Starts use transfusions

His suggestions, however, received little attention until, in 1909, he classified the bloods of human beings into the now well-known A, B, AB, and O groups and showed that transfusions between individuals of groups A or B do not result in the destruction of new blood cells and that this catastrophe occurs only when a person is transfused with the blood of a person belonging to a different group. Earlier, in 1901-1903, Landsteiner had suggested that, because the characteristics, which determine the blood groups, are inherited the blood groups may be used to decide instances of doubtful paternity. Much of the subsequent work that Landsteiner and his pupils did on blood groups and the immunological uses they made of them was done, not in Vienna, but in New York. For in 1919 conditions in Vienna were such that laboratory work was very difficult and, seeing no future for Austria, Landsteiner obtained the appointment of Prosecutors to a small Roman Catholic Hospital at The Hague. Here he published, from 1919-1922, twelve papers on new happens that he had discovered, on conjugates with proteins which were capable of inducing anaphylaxis and on related problems, and also on the serological specificity of the haemoglobins of different species of animals. His work in Holland ended when he was offered a post in the Rockefeller Institute for Medical Research in New York and he moved there together with his family. It was here that he did, in collaboration with Levine and Wiener, the further work on the blood groups, which greatly extended the number of these groups, and here in collaboration with Wiener studied bleeding in the new-born, leading to the discovery of the Rh-factor in blood, which relates the human blood to the blood of the rhesus monkey.

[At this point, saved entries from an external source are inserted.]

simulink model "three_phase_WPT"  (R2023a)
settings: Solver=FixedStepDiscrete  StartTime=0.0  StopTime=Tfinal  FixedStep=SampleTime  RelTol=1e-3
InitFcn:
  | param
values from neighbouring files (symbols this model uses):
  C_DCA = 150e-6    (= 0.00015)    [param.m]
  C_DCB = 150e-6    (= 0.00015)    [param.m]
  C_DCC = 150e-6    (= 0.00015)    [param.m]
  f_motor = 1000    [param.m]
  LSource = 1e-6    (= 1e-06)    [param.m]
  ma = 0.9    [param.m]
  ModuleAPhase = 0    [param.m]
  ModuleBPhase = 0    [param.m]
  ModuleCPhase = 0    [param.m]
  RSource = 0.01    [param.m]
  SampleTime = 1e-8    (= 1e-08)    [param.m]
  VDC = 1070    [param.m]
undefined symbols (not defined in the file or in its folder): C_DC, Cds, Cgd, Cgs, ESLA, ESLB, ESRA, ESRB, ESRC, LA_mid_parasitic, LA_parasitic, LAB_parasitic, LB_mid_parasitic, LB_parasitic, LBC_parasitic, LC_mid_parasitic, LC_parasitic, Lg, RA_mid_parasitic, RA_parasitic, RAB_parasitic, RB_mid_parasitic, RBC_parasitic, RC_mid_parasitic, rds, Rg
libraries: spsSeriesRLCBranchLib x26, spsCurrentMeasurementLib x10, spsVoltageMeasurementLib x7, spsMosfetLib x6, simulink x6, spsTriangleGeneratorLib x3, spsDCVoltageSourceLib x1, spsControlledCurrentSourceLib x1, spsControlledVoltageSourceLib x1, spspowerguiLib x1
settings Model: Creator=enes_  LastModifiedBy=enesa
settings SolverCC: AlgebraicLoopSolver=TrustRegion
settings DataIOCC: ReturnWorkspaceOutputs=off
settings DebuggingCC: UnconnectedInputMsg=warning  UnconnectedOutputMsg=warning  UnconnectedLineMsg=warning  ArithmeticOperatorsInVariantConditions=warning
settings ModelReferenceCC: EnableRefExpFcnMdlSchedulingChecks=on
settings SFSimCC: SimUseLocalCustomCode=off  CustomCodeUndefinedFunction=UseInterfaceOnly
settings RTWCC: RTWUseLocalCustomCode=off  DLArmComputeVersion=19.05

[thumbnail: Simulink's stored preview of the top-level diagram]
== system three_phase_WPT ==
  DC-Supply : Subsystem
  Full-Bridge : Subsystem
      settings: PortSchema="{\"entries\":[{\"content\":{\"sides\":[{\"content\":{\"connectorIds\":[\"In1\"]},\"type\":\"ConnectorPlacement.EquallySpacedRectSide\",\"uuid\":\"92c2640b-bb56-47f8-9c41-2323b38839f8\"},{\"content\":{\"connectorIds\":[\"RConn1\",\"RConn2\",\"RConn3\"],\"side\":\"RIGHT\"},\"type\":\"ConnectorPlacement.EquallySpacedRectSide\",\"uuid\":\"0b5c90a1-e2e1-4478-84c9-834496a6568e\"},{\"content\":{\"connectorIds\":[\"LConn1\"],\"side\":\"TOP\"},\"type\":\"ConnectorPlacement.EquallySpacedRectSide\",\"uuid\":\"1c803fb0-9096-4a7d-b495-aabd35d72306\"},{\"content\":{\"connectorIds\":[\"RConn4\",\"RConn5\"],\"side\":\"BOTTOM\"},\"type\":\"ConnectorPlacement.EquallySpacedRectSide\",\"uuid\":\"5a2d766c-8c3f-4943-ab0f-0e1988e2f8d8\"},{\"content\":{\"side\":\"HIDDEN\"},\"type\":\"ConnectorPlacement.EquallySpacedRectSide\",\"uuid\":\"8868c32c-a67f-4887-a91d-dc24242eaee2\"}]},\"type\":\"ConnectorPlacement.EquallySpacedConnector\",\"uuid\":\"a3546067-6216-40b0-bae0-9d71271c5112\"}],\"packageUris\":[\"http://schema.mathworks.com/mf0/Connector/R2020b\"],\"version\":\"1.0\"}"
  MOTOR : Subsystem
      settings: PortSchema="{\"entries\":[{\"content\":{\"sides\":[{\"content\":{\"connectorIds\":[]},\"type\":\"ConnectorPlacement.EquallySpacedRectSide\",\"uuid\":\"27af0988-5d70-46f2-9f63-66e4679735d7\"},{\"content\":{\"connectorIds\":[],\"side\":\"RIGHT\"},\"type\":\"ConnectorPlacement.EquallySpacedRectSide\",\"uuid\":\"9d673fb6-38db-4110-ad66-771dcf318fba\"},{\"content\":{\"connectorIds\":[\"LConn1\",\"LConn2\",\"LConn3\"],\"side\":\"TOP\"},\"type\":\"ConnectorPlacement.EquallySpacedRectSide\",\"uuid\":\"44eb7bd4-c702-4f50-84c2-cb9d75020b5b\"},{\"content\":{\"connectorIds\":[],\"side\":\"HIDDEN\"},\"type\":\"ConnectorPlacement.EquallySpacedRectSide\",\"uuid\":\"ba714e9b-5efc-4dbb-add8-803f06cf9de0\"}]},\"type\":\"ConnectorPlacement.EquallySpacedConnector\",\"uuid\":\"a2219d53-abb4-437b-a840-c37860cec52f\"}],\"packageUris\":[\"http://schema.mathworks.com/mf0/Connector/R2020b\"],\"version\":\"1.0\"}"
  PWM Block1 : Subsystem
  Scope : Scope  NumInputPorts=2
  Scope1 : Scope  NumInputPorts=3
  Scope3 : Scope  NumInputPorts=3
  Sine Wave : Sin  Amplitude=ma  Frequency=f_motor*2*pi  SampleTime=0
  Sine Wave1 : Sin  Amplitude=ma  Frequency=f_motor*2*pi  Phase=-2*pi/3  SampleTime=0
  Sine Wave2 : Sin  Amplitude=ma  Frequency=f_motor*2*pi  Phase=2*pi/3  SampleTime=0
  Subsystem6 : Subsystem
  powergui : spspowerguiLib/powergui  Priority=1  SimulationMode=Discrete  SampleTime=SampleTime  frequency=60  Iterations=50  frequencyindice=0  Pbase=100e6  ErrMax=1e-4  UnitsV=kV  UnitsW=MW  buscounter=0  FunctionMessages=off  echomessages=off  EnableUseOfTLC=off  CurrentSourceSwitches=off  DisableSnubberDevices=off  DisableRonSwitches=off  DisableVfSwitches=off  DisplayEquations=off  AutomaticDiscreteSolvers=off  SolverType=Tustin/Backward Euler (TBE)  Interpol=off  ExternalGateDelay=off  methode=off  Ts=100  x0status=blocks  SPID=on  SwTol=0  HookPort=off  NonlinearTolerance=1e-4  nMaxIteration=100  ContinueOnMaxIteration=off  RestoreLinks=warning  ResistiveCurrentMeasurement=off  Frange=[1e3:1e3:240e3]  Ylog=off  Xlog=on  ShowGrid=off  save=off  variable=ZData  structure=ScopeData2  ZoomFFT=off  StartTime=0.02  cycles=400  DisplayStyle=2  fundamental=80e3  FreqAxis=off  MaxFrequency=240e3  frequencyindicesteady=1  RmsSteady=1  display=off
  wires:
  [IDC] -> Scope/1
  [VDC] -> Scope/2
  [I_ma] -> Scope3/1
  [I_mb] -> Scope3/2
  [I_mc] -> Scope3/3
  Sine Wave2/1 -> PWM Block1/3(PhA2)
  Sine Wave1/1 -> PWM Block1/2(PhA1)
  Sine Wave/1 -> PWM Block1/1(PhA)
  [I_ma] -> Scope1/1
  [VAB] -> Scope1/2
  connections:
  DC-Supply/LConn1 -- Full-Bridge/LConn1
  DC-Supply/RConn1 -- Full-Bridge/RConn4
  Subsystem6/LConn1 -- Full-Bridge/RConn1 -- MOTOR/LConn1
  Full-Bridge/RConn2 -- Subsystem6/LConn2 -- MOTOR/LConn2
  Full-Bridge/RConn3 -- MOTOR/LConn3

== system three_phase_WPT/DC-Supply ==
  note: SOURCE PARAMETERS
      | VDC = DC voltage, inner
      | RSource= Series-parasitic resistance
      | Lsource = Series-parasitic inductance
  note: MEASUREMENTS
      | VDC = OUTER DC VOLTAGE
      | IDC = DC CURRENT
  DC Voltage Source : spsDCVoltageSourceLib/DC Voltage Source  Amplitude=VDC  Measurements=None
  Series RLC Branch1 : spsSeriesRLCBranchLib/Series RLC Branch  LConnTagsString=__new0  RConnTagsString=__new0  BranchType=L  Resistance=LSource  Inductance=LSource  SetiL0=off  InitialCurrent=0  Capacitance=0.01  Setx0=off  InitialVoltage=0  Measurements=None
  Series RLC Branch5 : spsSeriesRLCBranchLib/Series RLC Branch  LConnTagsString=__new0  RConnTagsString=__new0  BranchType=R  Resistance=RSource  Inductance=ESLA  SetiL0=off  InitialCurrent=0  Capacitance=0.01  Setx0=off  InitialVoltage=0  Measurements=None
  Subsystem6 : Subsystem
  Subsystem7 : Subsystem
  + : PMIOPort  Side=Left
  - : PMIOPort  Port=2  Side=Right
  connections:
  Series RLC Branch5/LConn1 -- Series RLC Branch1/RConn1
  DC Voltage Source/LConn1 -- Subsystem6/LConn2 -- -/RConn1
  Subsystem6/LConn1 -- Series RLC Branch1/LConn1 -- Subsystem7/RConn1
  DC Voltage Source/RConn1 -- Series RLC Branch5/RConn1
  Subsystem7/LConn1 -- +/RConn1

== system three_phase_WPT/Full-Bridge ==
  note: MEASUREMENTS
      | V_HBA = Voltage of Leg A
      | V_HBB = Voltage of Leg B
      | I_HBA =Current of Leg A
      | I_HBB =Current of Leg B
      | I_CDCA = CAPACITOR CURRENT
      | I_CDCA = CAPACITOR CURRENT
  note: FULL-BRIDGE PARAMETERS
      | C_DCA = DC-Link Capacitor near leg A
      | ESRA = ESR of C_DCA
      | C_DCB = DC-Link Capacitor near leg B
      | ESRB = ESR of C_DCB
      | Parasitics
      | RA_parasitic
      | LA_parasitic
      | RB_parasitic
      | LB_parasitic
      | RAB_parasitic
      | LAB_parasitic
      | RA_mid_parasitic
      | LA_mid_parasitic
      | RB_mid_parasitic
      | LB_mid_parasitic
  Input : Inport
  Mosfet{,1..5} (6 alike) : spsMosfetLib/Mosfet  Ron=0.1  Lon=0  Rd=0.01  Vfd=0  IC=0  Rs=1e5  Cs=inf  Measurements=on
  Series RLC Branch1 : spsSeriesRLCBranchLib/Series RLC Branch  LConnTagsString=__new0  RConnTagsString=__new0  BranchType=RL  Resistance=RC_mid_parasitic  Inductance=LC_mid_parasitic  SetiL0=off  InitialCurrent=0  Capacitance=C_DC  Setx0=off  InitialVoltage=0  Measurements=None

To the end of his life, Landsteiner continued to investigate blood groups and the chemistry of antigens, antibodies and other immunological factors that occur in the blood. It was one of his great merits that he introduced chemistry into the service of serology.
Rigorously exacting in the demands he made upon himself, Landsteiner possessed untiring energy. Throughout his life he was always making observations in many fields other than those in which his main work was done (he was, for instance, responsible for having introduced dark-field illumination in the study of spirochaetes). By nature somewhat pessimistic, he preferred to live away from people.
Landsteiner married Helen Wlasto in 1916. Dr. E. Landsteiner is a son by this marriage.
In 1939, he became Emeritus Professor at the Rockefeller Institute, but continued to work as energetically as before, keeping eagerly in touch with the progress of science. It is characteristic of him that he died pipette in hand. On June 24, 1943, he had a heart attack in his laboratory and died two days later in the hospital of the Institute in which he had done such distinguished work.
Karl Landsteiner died on June 26, 1943.